A waterjet and waterjet machining is a tool and process, respectively, using extremely high pressure water (typically between 20,000 and 50,000 psi) forced through a small orifice or “jewel” (typically 0.007″ to 0.015″ diameter) to produce a high velocity concentrated beam of water to cut relatively soft materials. And an abrasive waterjet (hereinafter “abrasivejet”) and abrasivejet machining is a related tool and process, respectively, which uses the same high velocity beam of water to accelerate abrasive particles, such as garnet, to speeds fast enough to cut through much harder materials. Abrasive particles are introduced into the abrasivejet downstream of the jewel when water exiting the jewel creates a vacuum which sucks abrasive particles from the abrasive supply line. The abrasive particles mix with the water in a mixing tube of the abrasivejet before exiting the abrasivejet as a high velocity beam of abrasives.
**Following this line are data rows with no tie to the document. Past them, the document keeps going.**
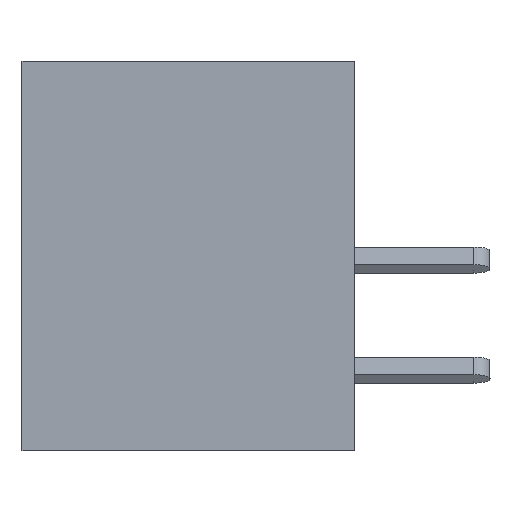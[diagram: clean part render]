
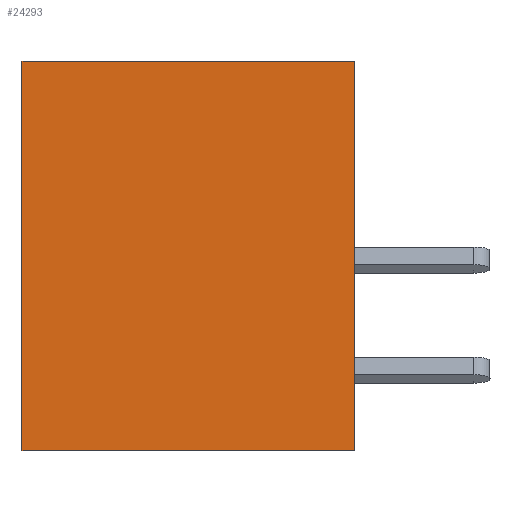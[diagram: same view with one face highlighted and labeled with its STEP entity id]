
A CAD part, left-side view. The second image highlights one B-rep face of the part: STEP entity #24293.
In plain terms, the highlighted planar face has unit normal (-1, 0, 0).
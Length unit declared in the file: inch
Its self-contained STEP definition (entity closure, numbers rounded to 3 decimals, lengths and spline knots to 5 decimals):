
#253 = CARTESIAN_POINT ( 'NONE',  ( 0., 0., -0.531 ) ) ;
#389 = PLANE ( 'NONE',  #3960 ) ;
#477 = DIRECTION ( 'NONE',  ( 0., 0., -1. ) ) ;
#3435 = ORIENTED_EDGE ( 'NONE', *, *, #24292, .F. ) ;
#3686 = VECTOR ( 'NONE', #13972, 39.37008 ) ;
#3960 = AXIS2_PLACEMENT_3D ( 'NONE', #9797, #6032, #477 ) ;
#3988 = DIRECTION ( 'NONE',  ( 0., 0., 1. ) ) ;
#4304 = CARTESIAN_POINT ( 'NONE',  ( 0., 0.453, 0. ) ) ;
#4956 = CARTESIAN_POINT ( 'NONE',  ( 0., 0., 0. ) ) ;
#5222 = LINE ( 'NONE', #7244, #19601 ) ;
#5917 = ORIENTED_EDGE ( 'NONE', *, *, #12574, .F. ) ;
#5933 = CARTESIAN_POINT ( 'NONE',  ( 0., 0.453, 0. ) ) ;
#6032 = DIRECTION ( 'NONE',  ( 1., 0., 0. ) ) ;
#7244 = CARTESIAN_POINT ( 'NONE',  ( 0., 0.453, 0. ) ) ;
#9797 = CARTESIAN_POINT ( 'NONE',  ( 0., 0.453, 0. ) ) ;
#10040 = VERTEX_POINT ( 'NONE', #5933 ) ;
#10221 = CARTESIAN_POINT ( 'NONE',  ( 0., 0., 0. ) ) ;
#10448 = EDGE_CURVE ( 'NONE', #18199, #17631, #22068, .T. ) ;
#10898 = VECTOR ( 'NONE', #3988, 39.37008 ) ;
#11629 = CARTESIAN_POINT ( 'NONE',  ( 0., 0.453, -0.531 ) ) ;
#12423 = VERTEX_POINT ( 'NONE', #4956 ) ;
#12574 = EDGE_CURVE ( 'NONE', #10040, #12423, #5222, .T. ) ;
#13641 = LINE ( 'NONE', #10221, #3686 ) ;
#13695 = EDGE_CURVE ( 'NONE', #17631, #12423, #13641, .T. ) ;
#13972 = DIRECTION ( 'NONE',  ( 0., 0., 1. ) ) ;
#16081 = FACE_OUTER_BOUND ( 'NONE', #23384, .T. ) ;
#16137 = VECTOR ( 'NONE', #21080, 39.37008 ) ;
#17631 = VERTEX_POINT ( 'NONE', #253 ) ;
#18199 = VERTEX_POINT ( 'NONE', #18549 ) ;
#18549 = CARTESIAN_POINT ( 'NONE',  ( 0., 0.453, -0.531 ) ) ;
#19601 = VECTOR ( 'NONE', #20139, 39.37008 ) ;
#19739 = LINE ( 'NONE', #4304, #10898 ) ;
#20139 = DIRECTION ( 'NONE',  ( 0., -1., 0. ) ) ;
#21080 = DIRECTION ( 'NONE',  ( 0., -1., 0. ) ) ;
#22068 = LINE ( 'NONE', #11629, #16137 ) ;
#23384 = EDGE_LOOP ( 'NONE', ( #23563, #5917, #3435, #23827 ) ) ;
#23563 = ORIENTED_EDGE ( 'NONE', *, *, #13695, .T. ) ;
#23827 = ORIENTED_EDGE ( 'NONE', *, *, #10448, .T. ) ;
#24292 = EDGE_CURVE ( 'NONE', #18199, #10040, #19739, .T. ) ;
#24293 = ADVANCED_FACE ( 'NONE', ( #16081 ), #389, .F. ) ;
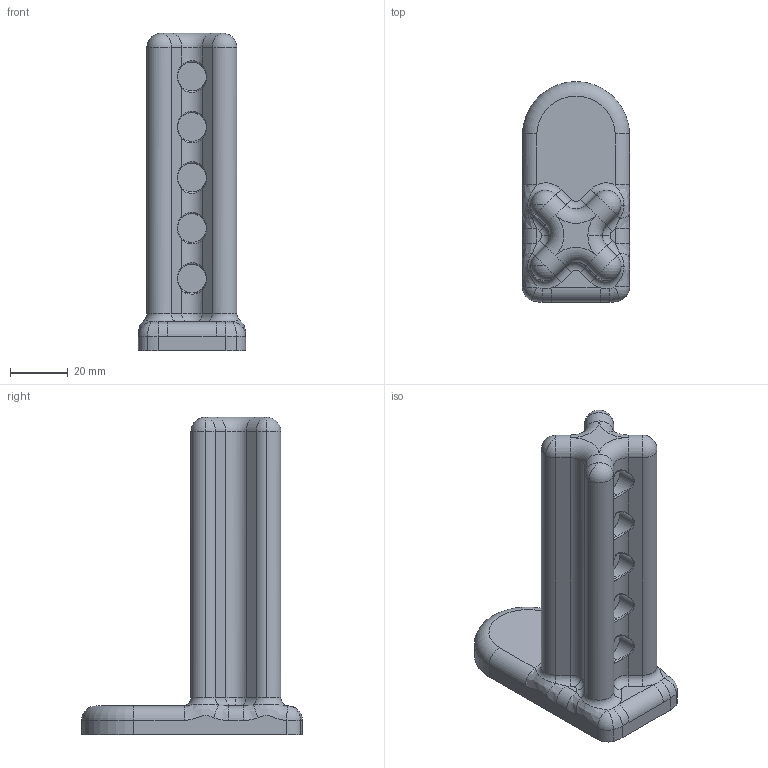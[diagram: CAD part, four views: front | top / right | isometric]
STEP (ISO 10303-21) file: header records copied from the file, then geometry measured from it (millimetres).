
FILE_DESCRIPTION (( 'STEP AP214' ), '1' );
FILE_NAME ('Stock_Arm.STEP', '2013-09-01T16:39:43', ( 'Asher' ), ( '' ), 'SwSTEP 2.0', 'SolidWorks 2013', '' );
FILE_SCHEMA (( 'AUTOMOTIVE_DESIGN' ));
Length unit declared in the file: millimetre
Products named in the file (1): Stock_Arm
Bounding box: 37.13 x 76.47 x 110 mm (x, y, z)
Volume: 90549.1 mm3; surface area: 21091.3 mm2
Topology: 1 solids, 1 shells, 147 faces, 355 edges, 208 vertices
Faces by surface type: cylinder 53, bspline 44, plane 24, torus 18, sphere 8
Entity records: 6220 total; most frequent: CARTESIAN_POINT 3108, ORIENTED_EDGE 694, DIRECTION 609, EDGE_CURVE 347, AXIS2_PLACEMENT_3D 260, VERTEX_POINT 204, CIRCLE 156, EDGE_LOOP 149

Various types of pneumatic feed/delivery systems have been used to supply material through a feed line, and in particular feed abrasive particulate material to an abrasivejet. They typically involve a hopper and pneumatic source, such as an air compressor, at an upstream end of the feed system. And the hopper and pneumatic source are connected by a material feed line, such as a hose or pipe, to a second hopper at the abrasivejet. A known problem, however, often seen with this type of feed arrangement is the occurrence of clumping, bridging, and agglomeration of the abrasive particles in the delivery line caused by moisture and condensation from relative humidity. Excessive moisture has been known to develop especially in abrasive materials kept in storage for long periods of time. As a consequence, the bridging and clumping of the material in the delivery line can clog the delivery line until sufficient pressure builds in the line to clear the clog, thereby producing excessive/erratic air pressure and feed rates of the abrasive material to the mixing tube of the abrasivejet. This can disrupt the cutting action in waterjet machining and hamper productivity, as well as reduce edge quality of the machined part.
While various measures have been proposed to dry the abrasive prior to feeding it through the feed line (e.g. by baking-out the moisture using conveyor belts/inline drying system) complex and bulky subsystems are typically required which can significantly increase the cost of abrasivejet machining. Thus a need still exists for a simple efficient, and cost-effective apparatus for preventing clogs in an abrasive feed line by breaking up the clumps of bridged or agglomerated abrasive particles and venting excess air caused thereby, to promote evenflow distribution of material through the feed line. Moreover, it would be beneficial to provide an apparatus which is easily adaptable for use with any commercial delivery line of with little or no modifications.